> _What you need to do_
Copying exactly, give the lines in the material below from the one with "FFT Peak Hz : Display" to the one with "FFT Peak Receive : instrumentlib/TCP//IP", ends included, and nothing besides.
----
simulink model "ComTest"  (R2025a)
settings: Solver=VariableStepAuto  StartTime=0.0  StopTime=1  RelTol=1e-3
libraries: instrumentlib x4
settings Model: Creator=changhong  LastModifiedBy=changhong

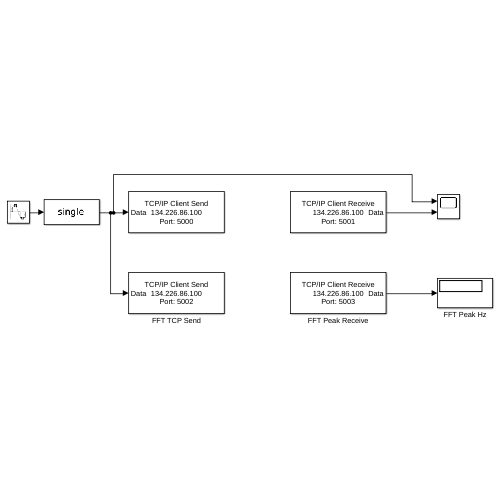
[thumbnail: Simulink's stored preview of the top-level diagram]
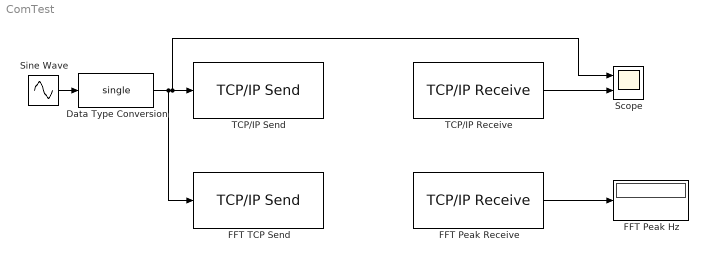
== system ComTest ==
  Data Type Conversion : DataTypeConversion  OutDataTypeStr=single  SaturateOnIntegerOverflow=off  RndMeth=Floor
  FFT Peak Hz : Display
  FFT Peak Receive : instrumentlib/TCP//IP Receive  Priority=20  Host=134.226.86.100  Port=5003  DataSize=[1, 1]  DataType=single  ASCIIFormatting=%f  Terminator=LF  CustomTerminator=10  ByteOrder=little-endian  EnableBlockingMode=on  Timeout=10  SampleTime=1/4000  SimulateUsing=Interpreted execution
  FFT TCP Send : instrumentlib/TCP//IP Send  Priority=-9  Host=134.226.86.100  Port=5002  ByteOrder=little-endian  EnableBlockingMode=on  Timeout=10  TransferDelay=off  SimulateUsing=Interpreted execution
  Scope : Scope  NumInputPorts=2
      settings: ActiveDisplayYMinimum=-1.8031417735137669  ActiveDisplayYMaximum=1.2698598054298436
  Sine Wave : Sin  Frequency=100*pi  SampleTime=1/4000
  TCP/IP Receive : instrumentlib/TCP//IP Receive  Priority=10  Host=134.226.86.100  Port=5001  DataSize=[1, 1]  DataType=single  ASCIIFormatting=%f  Terminator=LF  CustomTerminator=10  ByteOrder=little-endian  EnableBlockingMode=on  Timeout=10  SampleTime=1/4000  SimulateUsing=Interpreted execution
  TCP/IP Send : instrumentlib/TCP//IP Send  Priority=-10  Host=134.226.86.100  Port=5000  ByteOrder=little-endian  EnableBlockingMode=on  Timeout=10  TransferDelay=off  SimulateUsing=Interpreted execution
  wires:
  Sine Wave/1 -> Data Type Conversion/1
  Data Type Conversion/1 -> Scope/1, TCP/IP Send/1, FFT TCP Send/1
  TCP/IP Receive/1 -> Scope/2
  FFT Peak Receive/1 -> FFT Peak Hz/1
----
> _Answer to the exercise_
  FFT Peak Hz : Display
  FFT Peak Receive : instrumentlib/TCP//IP Receive  Priority=20  Host=134.226.86.100  Port=5003  DataSize=[1, 1]  DataType=single  ASCIIFormatting=%f  Terminator=LF  CustomTerminator=10  ByteOrder=little-endian  EnableBlockingMode=on  Timeout=10  SampleTime=1/4000  SimulateUsing=Interpreted execution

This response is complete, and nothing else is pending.